● **Work task**
What's needed is an exact retyping of the lines from the start of the listing up to and including the line with "import ezdxf", minus any pictures.

● **The data**
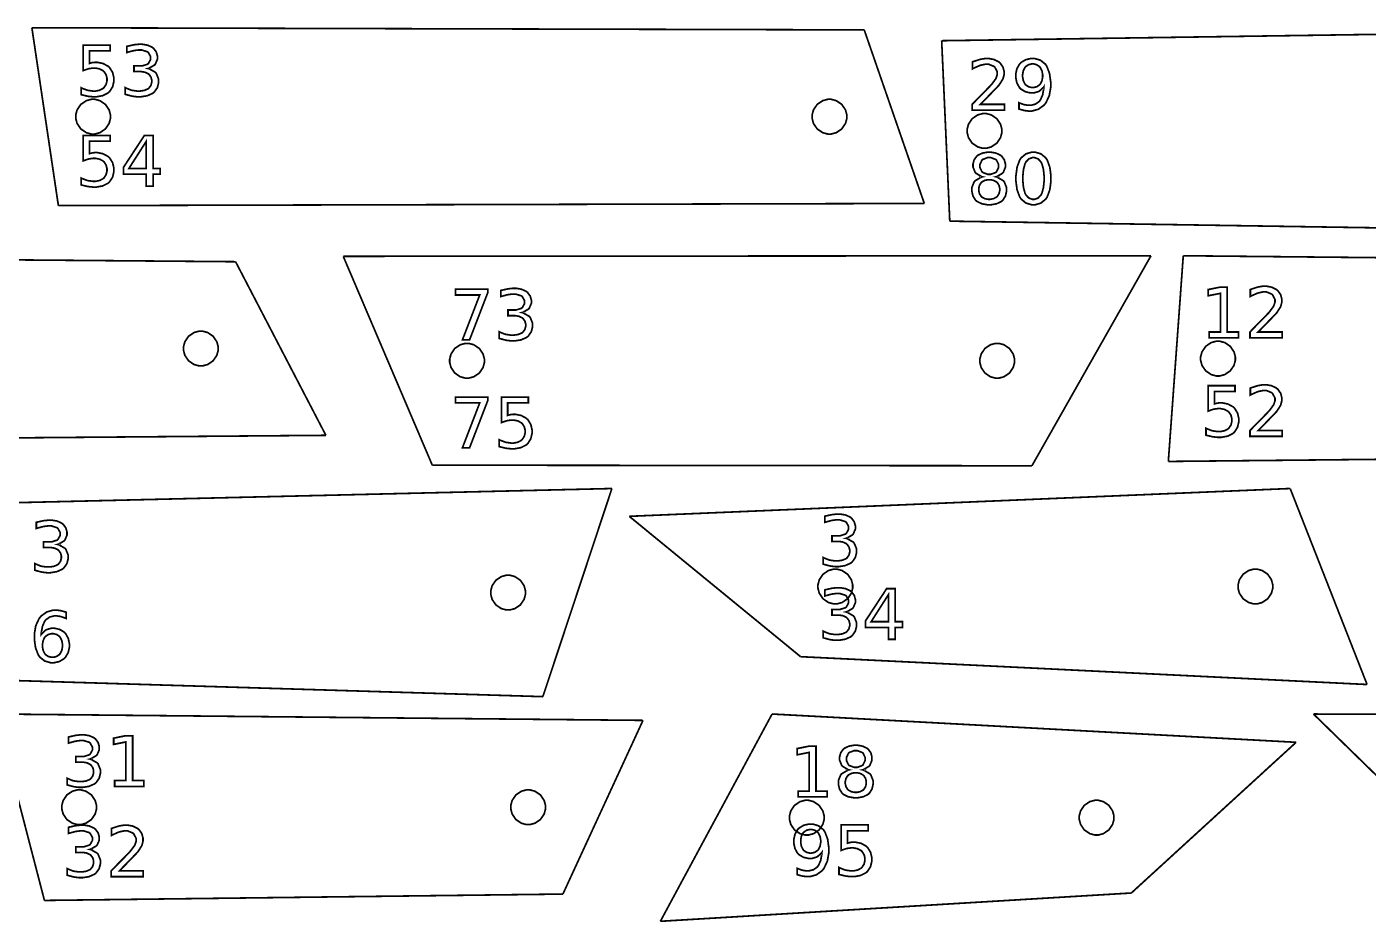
# Model space of a CAD drawing. Extents: x 0 to 51.8, y 1.6 to 26.8.
# Drawn here: x 33.59 to 41.64, y 8.98 to 14.34 of the extents above; entities that cross this region are included whole.
import ezdxf

# ---------------------------------------------------------------- set-up
doc = ezdxf.new("R2010")
doc.units = 0
doc.layers.get('0').update_dxf_attribs({"linetype": 'CONTINUOUS'})

msp = doc.modelspace()

# ---------------------------------------------------------------- linework, layer by layer
at = {"color": 0, "const_width": 0.010417}
for points in [[(33.6207, 14.3381), (38.6126, 14.325)], [(33.6207, 14.3381), (33.7796, 13.2714)], [(38.6126, 14.325), (38.9729, 13.2844)], [(39.0771, 14.2601), (44.424, 14.3381)], [(39.0771, 14.2601), (39.1257, 13.1783)], [(33.7796, 13.2714), (38.9729, 13.2844)], [(39.1257, 13.1783), (44.1097, 13.1005)], [(30.5375, 12.9709), (34.8424, 12.9351)], [(35.4881, 12.9674), (40.3324, 12.9709)], [(35.4881, 12.9674), (36.0222, 11.7152)], [(40.3324, 12.9709), (39.6185, 11.7117)], [(40.526, 12.9709), (40.4365, 11.7376)], [(40.526, 12.9709), (45.2426, 12.9245)], [(34.8424, 12.9351), (35.3839, 11.8942)], [(30.9781, 11.8583), (35.3839, 11.8942)], [(40.4365, 11.7376), (45.0368, 11.784)], [(36.0222, 11.7152), (39.6185, 11.7117)], [(32.6682, 11.4701), (37.0993, 11.5753)], [(37.0993, 11.5753), (36.6853, 10.3275)], [(37.2035, 11.4086), (41.1671, 11.5753)], [(41.1671, 11.5753), (41.6285, 10.4003)], [(37.2035, 11.4086), (38.231, 10.5671)], [(38.231, 10.5671), (41.6285, 10.4003)], [(33.2372, 10.4327), (36.6853, 10.3275)], [(33.4057, 10.2233), (37.2858, 10.1852)], [(33.4057, 10.2233), (33.696, 9.10568)], [(38.06, 10.2233), (37.39, 8.98062)], [(38.06, 10.2233), (41.2029, 10.0538)], [(41.3071, 10.2233), (45.0964, 10.2135)], [(41.3071, 10.2233), (42.3804, 9.17567)], [(37.2858, 10.1852), (36.8054, 9.14382)], [(41.2029, 10.0538), (40.2146, 9.15022)], [(33.696, 9.10568), (36.8054, 9.14382)], [(37.39, 8.98062), (40.2146, 9.15022)]]:
    msp.add_lwpolyline(points, dxfattribs=at)
at = {"color": 1, "const_width": 0.010417}
for points in [[(34.3181, 14.0935), (34.3229, 14.0925), (34.3614, 14.0707), (34.364, 14.0672), (34.3668, 14.064), (34.3808, 14.0296), (34.3808, 14.0181), (34.3808, 14.0081), (34.3731, 13.9782), (34.3549, 13.9525), (34.3497, 13.9483), (34.3446, 13.9443), (34.3124, 13.93), (34.2744, 13.9239), (34.2619, 13.9239), (34.2521, 13.9239), (34.226, 13.9271), (34.2226, 13.9278), (34.2193, 13.9283), (34.1843, 13.9376), (34.1807, 13.9388), (34.1807, 13.9785), (34.1835, 13.9769), (34.2149, 13.9642), (34.2182, 13.9633), (34.2217, 13.9625), (34.251, 13.9583), (34.2608, 13.9583), (34.2693, 13.9583), (34.2947, 13.9621), (34.3163, 13.971), (34.3196, 13.9735), (34.3229, 13.9761), (34.3347, 13.9924), (34.3397, 14.0117), (34.3397, 14.0181), (34.3397, 14.024), (34.3351, 14.0419), (34.324, 14.0574), (34.321, 14.0599), (34.3178, 14.0625), (34.2985, 14.0713), (34.2761, 14.0751), (34.2686, 14.0751), (34.2332, 14.0751), (34.2332, 14.1089), (34.2703, 14.1089), (34.2819, 14.1089), (34.3139, 14.119), (34.3165, 14.1211), (34.3193, 14.1232), (34.3328, 14.1478), (34.3328, 14.156), (34.3328, 14.165), (34.3189, 14.1897), (34.3161, 14.1918), (34.3133, 14.1939), (34.2797, 14.2044), (34.2686, 14.2044), (34.2596, 14.2044), (34.2356, 14.2014), (34.2324, 14.2007), (34.2292, 14.2001), (34.1937, 14.1906), (34.1899, 14.1893), (34.1899, 14.226), (34.1937, 14.2269), (34.2303, 14.2351), (34.2336, 14.2357), (34.2371, 14.2363), (34.2635, 14.2389), (34.2724, 14.2389), (34.2828, 14.2389), (34.3142, 14.2336), (34.3418, 14.2213), (34.3462, 14.2176), (34.3508, 14.2142), (34.3668, 14.1926), (34.3736, 14.1683), (34.3736, 14.1601), (34.3736, 14.1496), (34.3615, 14.1206), (34.3592, 14.1176), (34.3567, 14.1147), (34.3225, 14.0947), (34.3181, 14.0935)], [(33.9286, 14.2335), (34.0901, 14.2335), (34.0901, 14.1988), (33.9664, 14.1988), (33.9664, 14.1243), (33.9679, 14.1249), (33.9826, 14.1288), (33.9842, 14.1289), (33.9857, 14.1292), (33.9981, 14.1304), (34.0022, 14.1304), (34.0136, 14.1304), (34.0476, 14.1235), (34.0778, 14.1071), (34.0828, 14.1025), (34.0876, 14.0978), (34.105, 14.0697), (34.1125, 14.0378), (34.1125, 14.0271), (34.1125, 14.0162), (34.1049, 13.9836), (34.0869, 13.9556), (34.0818, 13.951), (34.0768, 13.9464), (34.0451, 13.9306), (34.0082, 13.9239), (33.996, 13.9239), (33.9861, 13.9239), (33.9601, 13.9265), (33.9568, 13.9271), (33.9536, 13.9276), (33.9194, 13.9358), (33.9158, 13.9368), (33.9158, 13.9781), (33.9189, 13.9764), (33.9506, 13.964), (33.9539, 13.9631), (33.9571, 13.9624), (33.9856, 13.9583), (33.995, 13.9583), (34.0029, 13.9583), (34.0265, 13.9629), (34.0472, 13.9737), (34.0506, 13.9768), (34.054, 13.9799), (34.066, 13.9987), (34.0712, 14.02), (34.0712, 14.0271), (34.0712, 14.0342), (34.066, 14.0556), (34.054, 14.0742), (34.0506, 14.0772), (34.0472, 14.0804), (34.0265, 14.0913), (34.0029, 14.096), (33.995, 14.096), (33.9868, 14.096), (33.9647, 14.0929), (33.9621, 14.0922), (33.9593, 14.0917), (33.9315, 14.0822), (33.9286, 14.081), (33.9286, 14.2335)], [(39.3097, 13.8788), (39.4532, 13.8788), (39.4532, 13.8442), (39.2604, 13.8442), (39.2604, 13.8788), (39.2643, 13.8828), (39.2879, 13.9072), (39.3172, 13.9371), (39.324, 13.9439), (39.3307, 13.9507), (39.3569, 13.9774), (39.3731, 13.9944), (39.3747, 13.9964), (39.3781, 14), (39.4011, 14.0314), (39.4024, 14.0339), (39.4036, 14.0365), (39.4104, 14.0572), (39.4104, 14.064), (39.4104, 14.0739), (39.3961, 14.1011), (39.3932, 14.1036), (39.3904, 14.1061), (39.3593, 14.119), (39.349, 14.119), (39.3387, 14.119), (39.3118, 14.1133), (39.3082, 14.1122), (39.3046, 14.1111), (39.2664, 14.0942), (39.2624, 14.0918), (39.2624, 14.1333), (39.2665, 14.135), (39.305, 14.1475), (39.3086, 14.1483), (39.3122, 14.1492), (39.3393, 14.1535), (39.3483, 14.1535), (39.3589, 14.1535), (39.3906, 14.1476), (39.4187, 14.1338), (39.4233, 14.1299), (39.4281, 14.126), (39.4444, 14.1024), (39.4517, 14.0758), (39.4517, 14.0669), (39.4517, 14.0581), (39.4457, 14.0342), (39.4444, 14.0313), (39.4432, 14.0285), (39.4221, 13.9956), (39.419, 13.9918), (39.4182, 13.9908), (39.4083, 13.9804), (39.3911, 13.9625), (39.3865, 13.9578), (39.3819, 13.9531), (39.3536, 13.9239), (39.3179, 13.8872), (39.3097, 13.8788)], [(39.541, 13.8505), (39.541, 13.8881), (39.5435, 13.8869), (39.5694, 13.8774), (39.5722, 13.8768), (39.5747, 13.8761), (39.5962, 13.8729), (39.6035, 13.8729), (39.6124, 13.8729), (39.6392, 13.8797), (39.6619, 13.8957), (39.6654, 13.9003), (39.669, 13.9047), (39.6824, 13.9347), (39.6894, 13.974), (39.69, 13.9833), (39.6881, 13.9804), (39.6631, 13.9581), (39.66, 13.9564), (39.6569, 13.9549), (39.6293, 13.9471), (39.6201, 13.9471), (39.6099, 13.9471), (39.5793, 13.954), (39.5524, 13.9701), (39.5479, 13.9747), (39.5435, 13.9793), (39.5279, 14.0074), (39.5214, 14.0394), (39.5214, 14.0501), (39.5214, 14.0607), (39.5282, 14.0922), (39.5443, 14.1204), (39.5489, 14.125), (39.5536, 14.1299), (39.5813, 14.1464), (39.6124, 14.1535), (39.6228, 14.1535), (39.6343, 14.1535), (39.6692, 14.1433), (39.6986, 14.1199), (39.7032, 14.1131), (39.7078, 14.1064), (39.724, 14.0636), (39.731, 14.0126), (39.731, 13.9957), (39.731, 13.9796), (39.7225, 13.9312), (39.7026, 13.8883), (39.6969, 13.8811), (39.6913, 13.874), (39.6569, 13.8491), (39.6181, 13.8384), (39.6051, 13.8384), (39.5974, 13.8384), (39.5765, 13.8409), (39.5739, 13.8414), (39.5712, 13.842), (39.5437, 13.8496), (39.541, 13.8505)], [(39.6228, 13.9794), (39.6289, 13.9794), (39.6474, 13.9842), (39.6636, 13.9951), (39.6664, 13.9983), (39.669, 14.0015), (39.6786, 14.0207), (39.6826, 14.0429), (39.6826, 14.0501), (39.6826, 14.0575), (39.6786, 14.0794), (39.669, 14.0987), (39.6664, 14.1018), (39.6636, 14.105), (39.6474, 14.1161), (39.6289, 14.121), (39.6228, 14.121), (39.6165, 14.121), (39.5978, 14.1161), (39.5814, 14.105), (39.5786, 14.1018), (39.576, 14.0987), (39.5665, 14.0794), (39.5626, 14.0575), (39.5626, 14.0501), (39.5626, 14.0429), (39.5665, 14.0207), (39.576, 14.0015), (39.5786, 13.9983), (39.5814, 13.9951), (39.5978, 13.9842), (39.6165, 13.9794), (39.6228, 13.9794)], [(33.9286, 13.6924), (34.0901, 13.6924), (34.0901, 13.6577), (33.9664, 13.6577), (33.9664, 13.5832), (33.9679, 13.5838), (33.9826, 13.5876), (33.9842, 13.5878), (33.9857, 13.5881), (33.9981, 13.5893), (34.0022, 13.5893), (34.0136, 13.5893), (34.0476, 13.5823), (34.0778, 13.566), (34.0828, 13.5613), (34.0876, 13.5567), (34.105, 13.5286), (34.1125, 13.4967), (34.1125, 13.486), (34.1125, 13.4752), (34.1049, 13.4424), (34.0869, 13.4144), (34.0818, 13.4098), (34.0768, 13.4053), (34.0451, 13.3895), (34.0082, 13.3827), (33.996, 13.3827), (33.9861, 13.3827), (33.9601, 13.3854), (33.9568, 13.386), (33.9536, 13.3865), (33.9194, 13.3946), (33.9158, 13.3957), (33.9158, 13.437), (33.9189, 13.4353), (33.9506, 13.4228), (33.9539, 13.422), (33.9571, 13.4212), (33.9856, 13.4172), (33.995, 13.4172), (34.0029, 13.4172), (34.0265, 13.4218), (34.0472, 13.4326), (34.0506, 13.4357), (34.054, 13.4388), (34.066, 13.4576), (34.0712, 13.4789), (34.0712, 13.486), (34.0712, 13.4931), (34.066, 13.5144), (34.054, 13.5331), (34.0506, 13.5361), (34.0472, 13.5393), (34.0265, 13.5501), (34.0029, 13.5548), (33.995, 13.5548), (33.9868, 13.5548), (33.9647, 13.5518), (33.9621, 13.5511), (33.9593, 13.5505), (33.9315, 13.5411), (33.9286, 13.5398), (33.9286, 13.6924)], [(34.2957, 13.6924), (34.3474, 13.6924), (34.3474, 13.4945), (34.3908, 13.4945), (34.3908, 13.4602), (34.3474, 13.4602), (34.3474, 13.3886), (34.3065, 13.3886), (34.3065, 13.4602), (34.1694, 13.4602), (34.1694, 13.4999), (34.2957, 13.6924)], [(34.3065, 13.6566), (34.2029, 13.4945), (34.3065, 13.4945), (34.3065, 13.6566)], [(39.3212, 13.4442), (39.3167, 13.4453), (39.2824, 13.4657), (39.28, 13.4687), (39.2775, 13.4717), (39.2651, 13.5027), (39.2651, 13.513), (39.2651, 13.5212), (39.2715, 13.5456), (39.2867, 13.567), (39.291, 13.5705), (39.2954, 13.5741), (39.3218, 13.5864), (39.3521, 13.5917), (39.3622, 13.5917), (39.3722, 13.5917), (39.4026, 13.5864), (39.429, 13.5741), (39.4333, 13.5705), (39.4378, 13.567), (39.4529, 13.5456), (39.4594, 13.5212), (39.4594, 13.513), (39.4594, 13.5019), (39.4471, 13.4717), (39.4447, 13.4687), (39.4422, 13.4657), (39.4081, 13.4453), (39.4036, 13.4442), (39.4086, 13.443), (39.4471, 13.4204), (39.4499, 13.417), (39.4526, 13.4137), (39.4664, 13.3794), (39.4664, 13.368), (39.4664, 13.3582), (39.4596, 13.3289), (39.4439, 13.304), (39.4394, 13.3001), (39.435, 13.2962), (39.4067, 13.2825), (39.3733, 13.2766), (39.3622, 13.2766), (39.3511, 13.2766), (39.3178, 13.2825), (39.2894, 13.2962), (39.285, 13.3001), (39.2804, 13.304), (39.2647, 13.3289), (39.2581, 13.3582), (39.2581, 13.368), (39.2581, 13.3803), (39.2719, 13.4137), (39.2747, 13.417), (39.2775, 13.4204), (39.3163, 13.443), (39.3212, 13.4442)], [(39.6275, 13.5917), (39.6388, 13.5917), (39.6726, 13.5817), (39.7011, 13.5581), (39.7056, 13.5514), (39.7101, 13.5447), (39.7257, 13.5018), (39.7325, 13.451), (39.7325, 13.434), (39.7325, 13.4171), (39.7257, 13.3664), (39.7101, 13.3237), (39.7056, 13.317), (39.7011, 13.3103), (39.6726, 13.2867), (39.6388, 13.2766), (39.6275, 13.2766), (39.6163, 13.2766), (39.5825, 13.2867), (39.554, 13.3103), (39.5496, 13.317), (39.5451, 13.3237), (39.5293, 13.3664), (39.5226, 13.4171), (39.5226, 13.434), (39.5226, 13.451), (39.5293, 13.5018), (39.5451, 13.5447), (39.5496, 13.5514), (39.554, 13.5581), (39.5825, 13.5817), (39.6163, 13.5917), (39.6275, 13.5917)], [(39.3063, 13.5091), (39.3063, 13.4999), (39.3185, 13.4746), (39.321, 13.4724), (39.3235, 13.4702), (39.3525, 13.4592), (39.3622, 13.4592), (39.3725, 13.4592), (39.4011, 13.4702), (39.4036, 13.4724), (39.4061, 13.4746), (39.4186, 13.5005), (39.4186, 13.5091), (39.4186, 13.5183), (39.4061, 13.5438), (39.4036, 13.546), (39.4011, 13.5482), (39.3719, 13.5592), (39.3622, 13.5592), (39.3519, 13.5592), (39.3235, 13.5482), (39.321, 13.546), (39.3185, 13.5438), (39.3063, 13.5177), (39.3063, 13.5091)], [(39.6275, 13.5592), (39.6206, 13.5592), (39.5997, 13.5514), (39.5824, 13.5332), (39.5797, 13.5279), (39.5771, 13.5227), (39.5678, 13.4888), (39.5639, 13.4477), (39.5639, 13.434), (39.5639, 13.4204), (39.5678, 13.3794), (39.5771, 13.3457), (39.5797, 13.3404), (39.5824, 13.3352), (39.5997, 13.317), (39.6206, 13.3092), (39.6275, 13.3092), (39.6344, 13.3092), (39.6556, 13.317), (39.6728, 13.3352), (39.6754, 13.3404), (39.6781, 13.3457), (39.6875, 13.3794), (39.6915, 13.4204), (39.6915, 13.434), (39.6915, 13.4477), (39.6875, 13.4888), (39.6781, 13.5227), (39.6754, 13.5279), (39.6728, 13.5332), (39.6556, 13.5514), (39.6344, 13.5592), (39.6275, 13.5592)], [(39.3622, 13.4268), (39.3557, 13.4268), (39.336, 13.4228), (39.3189, 13.4136), (39.3163, 13.411), (39.3133, 13.4084), (39.3036, 13.3924), (39.2994, 13.3741), (39.2994, 13.368), (39.2994, 13.3619), (39.3036, 13.3434), (39.3133, 13.3274), (39.3163, 13.3248), (39.3189, 13.3222), (39.336, 13.3131), (39.3557, 13.3092), (39.3622, 13.3092), (39.3688, 13.3092), (39.3883, 13.3131), (39.4056, 13.3222), (39.4085, 13.3248), (39.4113, 13.3275), (39.4211, 13.3435), (39.4254, 13.3619), (39.4254, 13.368), (39.4254, 13.3741), (39.4211, 13.3924), (39.4113, 13.4084), (39.4085, 13.411), (39.4056, 13.4136), (39.3885, 13.4228), (39.3688, 13.4268), (39.3622, 13.4268)], [(40.9753, 12.5137), (41.1188, 12.5137), (41.1188, 12.4792), (40.9261, 12.4792), (40.9261, 12.5137), (40.9299, 12.5178), (40.9535, 12.5422), (40.9829, 12.5721), (40.9896, 12.5788), (40.9964, 12.5857), (41.0226, 12.6124), (41.0388, 12.6294), (41.0404, 12.6313), (41.0436, 12.635), (41.0667, 12.6663), (41.0679, 12.6689), (41.0693, 12.6715), (41.076, 12.6922), (41.076, 12.6991), (41.076, 12.7089), (41.0617, 12.7361), (41.0589, 12.7386), (41.0561, 12.7412), (41.025, 12.754), (41.0146, 12.754), (41.0044, 12.754), (40.9774, 12.7484), (40.9738, 12.7472), (40.9703, 12.7462), (40.9321, 12.7291), (40.9281, 12.7268), (40.9281, 12.7683), (40.9321, 12.77), (40.9707, 12.7824), (40.9742, 12.7833), (40.9778, 12.7841), (41.0049, 12.7885), (41.0139, 12.7885), (41.0244, 12.7885), (41.0563, 12.7826), (41.0843, 12.7688), (41.089, 12.7648), (41.0938, 12.7609), (41.1101, 12.7374), (41.1172, 12.7108), (41.1172, 12.7019), (41.1172, 12.693), (41.1113, 12.6691), (41.1101, 12.6663), (41.1089, 12.6635), (41.0878, 12.6306), (41.0847, 12.6268), (41.0839, 12.6258), (41.0739, 12.6153), (41.0567, 12.5974), (41.0521, 12.5927), (41.0476, 12.5881), (41.0193, 12.5589), (40.9836, 12.5222), (40.9753, 12.5137)], [(36.1607, 12.7701), (36.356, 12.7701), (36.356, 12.7526), (36.2456, 12.4663), (36.2028, 12.4663), (36.3065, 12.7354), (36.1607, 12.7354), (36.1607, 12.7701)], [(36.5608, 12.6302), (36.5657, 12.6291), (36.604, 12.6073), (36.6068, 12.6039), (36.6096, 12.6006), (36.6235, 12.5661), (36.6235, 12.5546), (36.6235, 12.5447), (36.6157, 12.5148), (36.5976, 12.4891), (36.5925, 12.485), (36.5874, 12.4809), (36.555, 12.4666), (36.5171, 12.4604), (36.5046, 12.4604), (36.4947, 12.4604), (36.4686, 12.4637), (36.4653, 12.4644), (36.4619, 12.465), (36.4269, 12.4742), (36.4233, 12.4754), (36.4233, 12.5151), (36.4262, 12.5135), (36.4575, 12.5008), (36.461, 12.4999), (36.4643, 12.4991), (36.4936, 12.495), (36.5035, 12.495), (36.5119, 12.495), (36.5375, 12.4987), (36.5589, 12.5077), (36.5622, 12.5101), (36.5657, 12.5128), (36.5774, 12.529), (36.5825, 12.5482), (36.5825, 12.5546), (36.5825, 12.5607), (36.5778, 12.5786), (36.5667, 12.594), (36.5636, 12.5965), (36.5604, 12.5991), (36.5411, 12.6079), (36.5188, 12.6117), (36.5113, 12.6117), (36.476, 12.6117), (36.476, 12.6456), (36.5131, 12.6456), (36.5246, 12.6456), (36.5565, 12.6557), (36.5593, 12.6577), (36.5619, 12.6598), (36.5756, 12.6845), (36.5756, 12.6927), (36.5756, 12.7016), (36.5615, 12.7264), (36.5588, 12.7285), (36.5561, 12.7306), (36.5225, 12.741), (36.5113, 12.741), (36.5022, 12.741), (36.4782, 12.738), (36.475, 12.7374), (36.4718, 12.7368), (36.4364, 12.7272), (36.4325, 12.7259), (36.4325, 12.7625), (36.4364, 12.7636), (36.4729, 12.7717), (36.4764, 12.7723), (36.4797, 12.7728), (36.5061, 12.7756), (36.515, 12.7756), (36.5254, 12.7756), (36.5568, 12.7702), (36.5844, 12.7579), (36.589, 12.7543), (36.5935, 12.7508), (36.6094, 12.7293), (36.6164, 12.7049), (36.6164, 12.6968), (36.6164, 12.6861), (36.6042, 12.6572), (36.6018, 12.6542), (36.5994, 12.6514), (36.5653, 12.6313), (36.5608, 12.6302)], [(40.6818, 12.5137), (40.749, 12.5137), (40.749, 12.7455), (40.676, 12.731), (40.676, 12.7683), (40.7486, 12.783), (40.7897, 12.783), (40.7897, 12.5137), (40.8567, 12.5137), (40.8567, 12.4792), (40.6818, 12.4792), (40.6818, 12.5137)], [(40.6751, 12.1919), (40.8365, 12.1919), (40.8365, 12.1572), (40.7128, 12.1572), (40.7128, 12.0828), (40.7143, 12.0833), (40.7292, 12.0871), (40.7307, 12.0873), (40.7321, 12.0876), (40.7444, 12.0889), (40.7486, 12.0889), (40.76, 12.0889), (40.7942, 12.0819), (40.8242, 12.0655), (40.8292, 12.0609), (40.834, 12.0563), (40.8514, 12.0282), (40.8589, 11.9962), (40.8589, 11.9856), (40.8589, 11.9747), (40.8513, 11.942), (40.8333, 11.914), (40.8283, 11.9094), (40.8232, 11.9049), (40.7915, 11.8891), (40.7546, 11.8823), (40.7424, 11.8823), (40.7326, 11.8823), (40.7065, 11.885), (40.7033, 11.8855), (40.7, 11.8861), (40.6658, 11.8942), (40.6622, 11.8953), (40.6622, 11.9365), (40.6653, 11.9349), (40.6969, 11.9224), (40.7003, 11.9216), (40.7035, 11.9208), (40.7319, 11.9168), (40.7415, 11.9168), (40.7493, 11.9168), (40.7729, 11.9214), (40.7936, 11.9322), (40.7971, 11.9352), (40.8004, 11.9384), (40.8125, 11.9571), (40.8176, 11.9785), (40.8176, 11.9856), (40.8176, 11.9927), (40.8125, 12.0139), (40.8004, 12.0327), (40.7971, 12.0357), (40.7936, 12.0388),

● **Output for this task**
# Model space of a CAD drawing. Extents: x 0 to 51.8, y 1.6 to 26.8.
# Drawn here: x 33.59 to 41.64, y 8.98 to 14.34 of the extents above; entities that cross this region are included whole.
import ezdxf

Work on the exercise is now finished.